It's true. I cling to my faith that the Creed is true. However, do not underestimate an antagonist's ability to reframe their villainy in their internal narrative. In real life, it isn't always helpful to tell yourself that they just want the best for everyone and are misguided as to what the best is. They may actually want the worst for you--but are convinced that desiring the worst for you is reasonable.

Not going to go into details about it, not going to name names, but... my husband and I are recently on the rebound from someone who fits the description. And the sad thing is, that someone probably has legitimate historical reasons for being broken in her particular ways. But she absolutely did not want the best for anyone; she merely was convinced that some of us were evil and out to get her and needed to be destroyed. Once you finally realize--and it can take a long time to realize--that this person expects her friends to make her the center of their lives, prioritized higher than preexisting friendships, than family, than marriage; and that her more obnoxious behavior, far from being unconscious, comprises active attempts to break up those preexisting relationships by which she feels threatened; that wrecks every pattern you have for interaction. You can no longer assume goodwill as a motive. You can no longer take for granted a beneficient common ground.

The point here is not "poor pitiful me, I have seen Evil." The point here is, realistic evil--or a damn good facsimile thereof--comes in all different flavors. A villain needn't be a misguided philanthropist or a self-described benevolent dictator to be three-dimensional. Sometimes the villain has an unjustified persecution complex, or an overdeveloped sense of vigilante-ism. And whatever the flavor, it's valuable to recognize a villain when it shows up in your life. Not just because you're better off wasting less time and energy on people like that (really; the self-defense mechanisms by which we manage them in our lives can be actively bad for the soul), but also because once you recognize it, you, for certain writerly values of the word "you," can use it.
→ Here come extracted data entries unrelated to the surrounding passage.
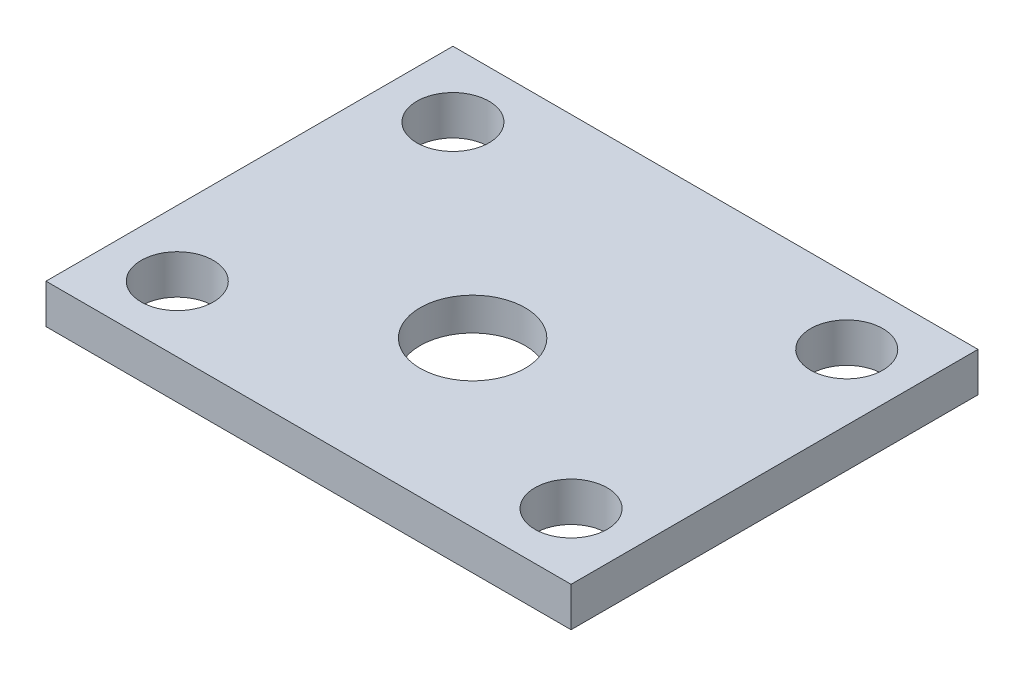
ISO-10303-21;
HEADER;
FILE_DESCRIPTION(('STEP AP214'),'2;1');
FILE_NAME('part.step','',(''),(''),'','','');
FILE_SCHEMA(('AUTOMOTIVE_DESIGN { 1 0 10303 214 1 1 1 1 }'));
ENDSEC;
DATA;
#1=APPLICATION_CONTEXT('core data for automotive mechanical design processes');
#2=APPLICATION_PROTOCOL_DEFINITION('international standard','automotive_design',2000,#1);
#3=PRODUCT_CONTEXT('',#1,'mechanical');
#4=PRODUCT('Part','Part','',(#3));
#5=PRODUCT_RELATED_PRODUCT_CATEGORY('part','',(#4));
#6=PRODUCT_DEFINITION_FORMATION('','',#4);
#7=PRODUCT_DEFINITION_CONTEXT('part definition',#1,'design');
#8=PRODUCT_DEFINITION('design','',#6,#7);
#9=PRODUCT_DEFINITION_SHAPE('','',#8);
#10=(LENGTH_UNIT() NAMED_UNIT(*) SI_UNIT(.MILLI.,.METRE.));
#11=(NAMED_UNIT(*) PLANE_ANGLE_UNIT() SI_UNIT($,.RADIAN.));
#12=(NAMED_UNIT(*) SI_UNIT($,.STERADIAN.) SOLID_ANGLE_UNIT());
#13=UNCERTAINTY_MEASURE_WITH_UNIT(LENGTH_MEASURE(1.E-05),#10,'distance_accuracy_value','');
#14=(GEOMETRIC_REPRESENTATION_CONTEXT(3) GLOBAL_UNCERTAINTY_ASSIGNED_CONTEXT((#13)) GLOBAL_UNIT_ASSIGNED_CONTEXT((#10,
#11,#12)) REPRESENTATION_CONTEXT('',''));
#15=CARTESIAN_POINT('',(0.,0.,0.));
#16=DIRECTION('',(0.,0.,1.));
#17=DIRECTION('',(1.,0.,0.));
#18=AXIS2_PLACEMENT_3D('',#15,#16,#17);
#19=CARTESIAN_POINT('',(20.,3.,15.5));
#20=DIRECTION('',(-1.,0.,0.));
#21=DIRECTION('',(0.,0.,1.));
#22=AXIS2_PLACEMENT_3D('',#19,#20,#21);
#23=PLANE('',#22);
#24=DIRECTION('',(0.,0.,-1.));
#25=VECTOR('',#24,1.);
#26=CARTESIAN_POINT('',(20.,0.,15.5));
#27=LINE('',#26,#25);
#28=CARTESIAN_POINT('',(20.,0.,15.5));
#29=VERTEX_POINT('',#28);
#30=CARTESIAN_POINT('',(20.,0.,-15.5));
#31=VERTEX_POINT('',#30);
#32=EDGE_CURVE('E95',#29,#31,#27,.T.);
#33=ORIENTED_EDGE('',*,*,#32,.T.);
#34=DIRECTION('',(0.,-1.,0.));
#35=VECTOR('',#34,1.);
#36=CARTESIAN_POINT('',(20.,3.,-15.5));
#37=LINE('',#36,#35);
#38=CARTESIAN_POINT('',(20.,3.,-15.5));
#39=VERTEX_POINT('',#38);
#40=EDGE_CURVE('E11',#39,#31,#37,.T.);
#41=ORIENTED_EDGE('',*,*,#40,.F.);
#42=DIRECTION('',(0.,0.,-1.));
#43=VECTOR('',#42,1.);
#44=CARTESIAN_POINT('',(20.,3.,15.5));
#45=LINE('',#44,#43);
#46=CARTESIAN_POINT('',(20.,3.,15.5));
#47=VERTEX_POINT('',#46);
#48=EDGE_CURVE('E83',#47,#39,#45,.T.);
#49=ORIENTED_EDGE('',*,*,#48,.F.);
#50=DIRECTION('',(0.,-1.,0.));
#51=VECTOR('',#50,1.);
#52=CARTESIAN_POINT('',(20.,3.,15.5));
#53=LINE('',#52,#51);
#54=EDGE_CURVE('E91',#47,#29,#53,.T.);
#55=ORIENTED_EDGE('',*,*,#54,.T.);
#56=EDGE_LOOP('',(#33,#41,#49,#55));
#57=FACE_BOUND('',#56,.T.);
#58=ADVANCED_FACE('F32',(#57),#23,.F.);
#59=CARTESIAN_POINT('',(-20.,3.,-15.5));
#60=DIRECTION('',(0.,0.,1.));
#61=DIRECTION('',(1.,0.,0.));
#62=AXIS2_PLACEMENT_3D('',#59,#60,#61);
#63=PLANE('',#62);
#64=DIRECTION('',(-1.,0.,0.));
#65=VECTOR('',#64,1.);
#66=CARTESIAN_POINT('',(-20.,0.,-15.5));
#67=LINE('',#66,#65);
#68=CARTESIAN_POINT('',(-20.,0.,-15.5));
#69=VERTEX_POINT('',#68);
#70=EDGE_CURVE('E87',#31,#69,#67,.T.);
#71=ORIENTED_EDGE('',*,*,#70,.T.);
#72=DIRECTION('',(0.,-1.,0.));
#73=VECTOR('',#72,1.);
#74=CARTESIAN_POINT('',(-20.,3.,-15.5));
#75=LINE('',#74,#73);
#76=CARTESIAN_POINT('',(-20.,3.,-15.5));
#77=VERTEX_POINT('',#76);
#78=EDGE_CURVE('E40',#77,#69,#75,.T.);
#79=ORIENTED_EDGE('',*,*,#78,.F.);
#80=DIRECTION('',(-1.,0.,0.));
#81=VECTOR('',#80,1.);
#82=CARTESIAN_POINT('',(-20.,3.,-15.5));
#83=LINE('',#82,#81);
#84=EDGE_CURVE('E78',#39,#77,#83,.T.);
#85=ORIENTED_EDGE('',*,*,#84,.F.);
#86=ORIENTED_EDGE('',*,*,#40,.T.);
#87=EDGE_LOOP('',(#71,#79,#85,#86));
#88=FACE_BOUND('',#87,.T.);
#89=ADVANCED_FACE('F86',(#88),#63,.F.);
#90=CARTESIAN_POINT('',(-20.,3.,15.5));
#91=DIRECTION('',(1.,0.,0.));
#92=DIRECTION('',(0.,0.,-1.));
#93=AXIS2_PLACEMENT_3D('',#90,#91,#92);
#94=PLANE('',#93);
#95=DIRECTION('',(0.,0.,1.));
#96=VECTOR('',#95,1.);
#97=CARTESIAN_POINT('',(-20.,0.,15.5));
#98=LINE('',#97,#96);
#99=CARTESIAN_POINT('',(-20.,0.,15.5));
#100=VERTEX_POINT('',#99);
#101=EDGE_CURVE('E65',#69,#100,#98,.T.);
#102=ORIENTED_EDGE('',*,*,#101,.T.);
#103=DIRECTION('',(0.,-1.,0.));
#104=VECTOR('',#103,1.);
#105=CARTESIAN_POINT('',(-20.,3.,15.5));
#106=LINE('',#105,#104);
#107=CARTESIAN_POINT('',(-20.,3.,15.5));
#108=VERTEX_POINT('',#107);
#109=EDGE_CURVE('E88',#108,#100,#106,.T.);
#110=ORIENTED_EDGE('',*,*,#109,.F.);
#111=DIRECTION('',(0.,0.,1.));
#112=VECTOR('',#111,1.);
#113=CARTESIAN_POINT('',(-20.,3.,15.5));
#114=LINE('',#113,#112);
#115=EDGE_CURVE('E81',#77,#108,#114,.T.);
#116=ORIENTED_EDGE('',*,*,#115,.F.);
#117=ORIENTED_EDGE('',*,*,#78,.T.);
#118=EDGE_LOOP('',(#102,#110,#116,#117));
#119=FACE_BOUND('',#118,.T.);
#120=ADVANCED_FACE('F89',(#119),#94,.F.);
#121=CARTESIAN_POINT('',(-20.,3.,15.5));
#122=DIRECTION('',(0.,0.,-1.));
#123=DIRECTION('',(-1.,0.,0.));
#124=AXIS2_PLACEMENT_3D('',#121,#122,#123);
#125=PLANE('',#124);
#126=DIRECTION('',(1.,0.,0.));
#127=VECTOR('',#126,1.);
#128=CARTESIAN_POINT('',(-20.,0.,15.5));
#129=LINE('',#128,#127);
#130=EDGE_CURVE('E71',#100,#29,#129,.T.);
#131=ORIENTED_EDGE('',*,*,#130,.T.);
#132=ORIENTED_EDGE('',*,*,#54,.F.);
#133=DIRECTION('',(1.,0.,0.));
#134=VECTOR('',#133,1.);
#135=CARTESIAN_POINT('',(-20.,3.,15.5));
#136=LINE('',#135,#134);
#137=EDGE_CURVE('E48',#108,#47,#136,.T.);
#138=ORIENTED_EDGE('',*,*,#137,.F.);
#139=ORIENTED_EDGE('',*,*,#109,.T.);
#140=EDGE_LOOP('',(#131,#132,#138,#139));
#141=FACE_BOUND('',#140,.T.);
#142=ADVANCED_FACE('F103',(#141),#125,.F.);
#143=CARTESIAN_POINT('',(0.,3.,0.));
#144=DIRECTION('',(0.,-1.,0.));
#145=DIRECTION('',(0.,0.,-1.));
#146=AXIS2_PLACEMENT_3D('',#143,#144,#145);
#147=PLANE('',#146);
#148=CARTESIAN_POINT('',(0.,3.,3.));
#149=DIRECTION('',(0.,1.,0.));
#150=DIRECTION('',(0.,0.,1.));
#151=AXIS2_PLACEMENT_3D('',#148,#149,#150);
#152=CIRCLE('',#151,4.);
#153=CARTESIAN_POINT('',(0.,3.,7.));
#154=VERTEX_POINT('',#153);
#155=EDGE_CURVE('E141',#154,#154,#152,.T.);
#156=ORIENTED_EDGE('',*,*,#155,.F.);
#157=EDGE_LOOP('',(#156));
#158=FACE_BOUND('',#157,.T.);
#159=CARTESIAN_POINT('',(-14.9999999999998,3.,10.5));
#160=DIRECTION('',(0.,1.,0.));
#161=DIRECTION('',(0.,0.,1.));
#162=AXIS2_PLACEMENT_3D('',#159,#160,#161);
#163=CIRCLE('',#162,2.75);
#164=CARTESIAN_POINT('',(-14.9999999999998,3.,13.25));
#165=VERTEX_POINT('',#164);
#166=EDGE_CURVE('E119',#165,#165,#163,.T.);
#167=ORIENTED_EDGE('',*,*,#166,.F.);
#168=EDGE_LOOP('',(#167));
#169=FACE_BOUND('',#168,.T.);
#170=CARTESIAN_POINT('',(15.0000000000002,3.,10.5));
#171=DIRECTION('',(0.,1.,0.));
#172=DIRECTION('',(0.,0.,1.));
#173=AXIS2_PLACEMENT_3D('',#170,#171,#172);
#174=CIRCLE('',#173,2.75);
#175=CARTESIAN_POINT('',(15.0000000000002,3.,13.25));
#176=VERTEX_POINT('',#175);
#177=EDGE_CURVE('E118',#176,#176,#174,.T.);
#178=ORIENTED_EDGE('',*,*,#177,.F.);
#179=EDGE_LOOP('',(#178));
#180=FACE_BOUND('',#179,.T.);
#181=CARTESIAN_POINT('',(15.,3.,-10.5));
#182=DIRECTION('',(0.,1.,0.));
#183=DIRECTION('',(0.,0.,1.));
#184=AXIS2_PLACEMENT_3D('',#181,#182,#183);
#185=CIRCLE('',#184,2.75);
#186=CARTESIAN_POINT('',(15.,3.,-7.75));
#187=VERTEX_POINT('',#186);
#188=EDGE_CURVE('E126',#187,#187,#185,.T.);
#189=ORIENTED_EDGE('',*,*,#188,.F.);
#190=EDGE_LOOP('',(#189));
#191=FACE_BOUND('',#190,.T.);
#192=CARTESIAN_POINT('',(-15.,3.,-10.5));
#193=DIRECTION('',(0.,1.,0.));
#194=DIRECTION('',(0.,0.,1.));
#195=AXIS2_PLACEMENT_3D('',#192,#193,#194);
#196=CIRCLE('',#195,2.75);
#197=CARTESIAN_POINT('',(-15.,3.,-7.75));
#198=VERTEX_POINT('',#197);
#199=EDGE_CURVE('E111',#198,#198,#196,.T.);
#200=ORIENTED_EDGE('',*,*,#199,.F.);
#201=EDGE_LOOP('',(#200));
#202=FACE_BOUND('',#201,.T.);
#203=ORIENTED_EDGE('',*,*,#48,.T.);
#204=ORIENTED_EDGE('',*,*,#84,.T.);
#205=ORIENTED_EDGE('',*,*,#115,.T.);
#206=ORIENTED_EDGE('',*,*,#137,.T.);
#207=EDGE_LOOP('',(#203,#204,#205,#206));
#208=FACE_BOUND('',#207,.T.);
#209=ADVANCED_FACE('F79',(#158,#169,#180,#191,#202,#208),#147,.F.);
#210=CARTESIAN_POINT('',(0.,0.,0.));
#211=DIRECTION('',(0.,-1.,0.));
#212=DIRECTION('',(0.,0.,-1.));
#213=AXIS2_PLACEMENT_3D('',#210,#211,#212);
#214=PLANE('',#213);
#215=CARTESIAN_POINT('',(0.,0.,3.));
#216=DIRECTION('',(0.,-1.,0.));
#217=DIRECTION('',(0.,0.,-1.));
#218=AXIS2_PLACEMENT_3D('',#215,#216,#217);
#219=CIRCLE('',#218,8.725);
#220=CARTESIAN_POINT('',(0.,0.,-5.725));
#221=VERTEX_POINT('',#220);
#222=EDGE_CURVE('E133',#221,#221,#219,.T.);
#223=ORIENTED_EDGE('',*,*,#222,.F.);
#224=EDGE_LOOP('',(#223));
#225=FACE_BOUND('',#224,.T.);
#226=CARTESIAN_POINT('',(-14.9999999999998,0.,10.5));
#227=DIRECTION('',(0.,-1.,0.));
#228=DIRECTION('',(0.,0.,-1.));
#229=AXIS2_PLACEMENT_3D('',#226,#227,#228);
#230=CIRCLE('',#229,2.75);
#231=CARTESIAN_POINT('',(-14.9999999999998,0.,13.25));
#232=VERTEX_POINT('',#231);
#233=EDGE_CURVE('E115',#232,#232,#230,.F.);
#234=ORIENTED_EDGE('',*,*,#233,.T.);
#235=EDGE_LOOP('',(#234));
#236=FACE_BOUND('',#235,.T.);
#237=CARTESIAN_POINT('',(15.0000000000002,0.,10.5));
#238=DIRECTION('',(0.,-1.,0.));
#239=DIRECTION('',(0.,0.,-1.));
#240=AXIS2_PLACEMENT_3D('',#237,#238,#239);
#241=CIRCLE('',#240,2.75);
#242=CARTESIAN_POINT('',(15.0000000000002,0.,13.25));
#243=VERTEX_POINT('',#242);
#244=EDGE_CURVE('E123',#243,#243,#241,.F.);
#245=ORIENTED_EDGE('',*,*,#244,.T.);
#246=EDGE_LOOP('',(#245));
#247=FACE_BOUND('',#246,.T.);
#248=CARTESIAN_POINT('',(15.,0.,-10.5));
#249=DIRECTION('',(0.,-1.,0.));
#250=DIRECTION('',(0.,0.,-1.));
#251=AXIS2_PLACEMENT_3D('',#248,#249,#250);
#252=CIRCLE('',#251,2.75);
#253=CARTESIAN_POINT('',(15.,0.,-7.75));
#254=VERTEX_POINT('',#253);
#255=EDGE_CURVE('E114',#254,#254,#252,.F.);
#256=ORIENTED_EDGE('',*,*,#255,.T.);
#257=EDGE_LOOP('',(#256));
#258=FACE_BOUND('',#257,.T.);
#259=CARTESIAN_POINT('',(-15.,0.,-10.5));
#260=DIRECTION('',(0.,-1.,0.));
#261=DIRECTION('',(0.,0.,-1.));
#262=AXIS2_PLACEMENT_3D('',#259,#260,#261);
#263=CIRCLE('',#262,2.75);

'Cause when you're a writer, and you find yourself losing at the games of life, that's your consolation prize.

So I've got bad guys in The Golden Bridle. I've got a high school clique leader who's downright nasty. I've got the protagonist's boyfriend who uses the protagonist in all the worst ways. I've even got the protagonist herself, who starts off the novel in her guise as Bad-Ass Cool Chick, a guise she's build out of self-defense over the years. None of these people are motivated by wanting the best for everyone. They want the best for themselves, and they treat others poorly, and they rationalize their poor treatment of others as being the only way to give themselves the best, which of course they're convinced they deserve.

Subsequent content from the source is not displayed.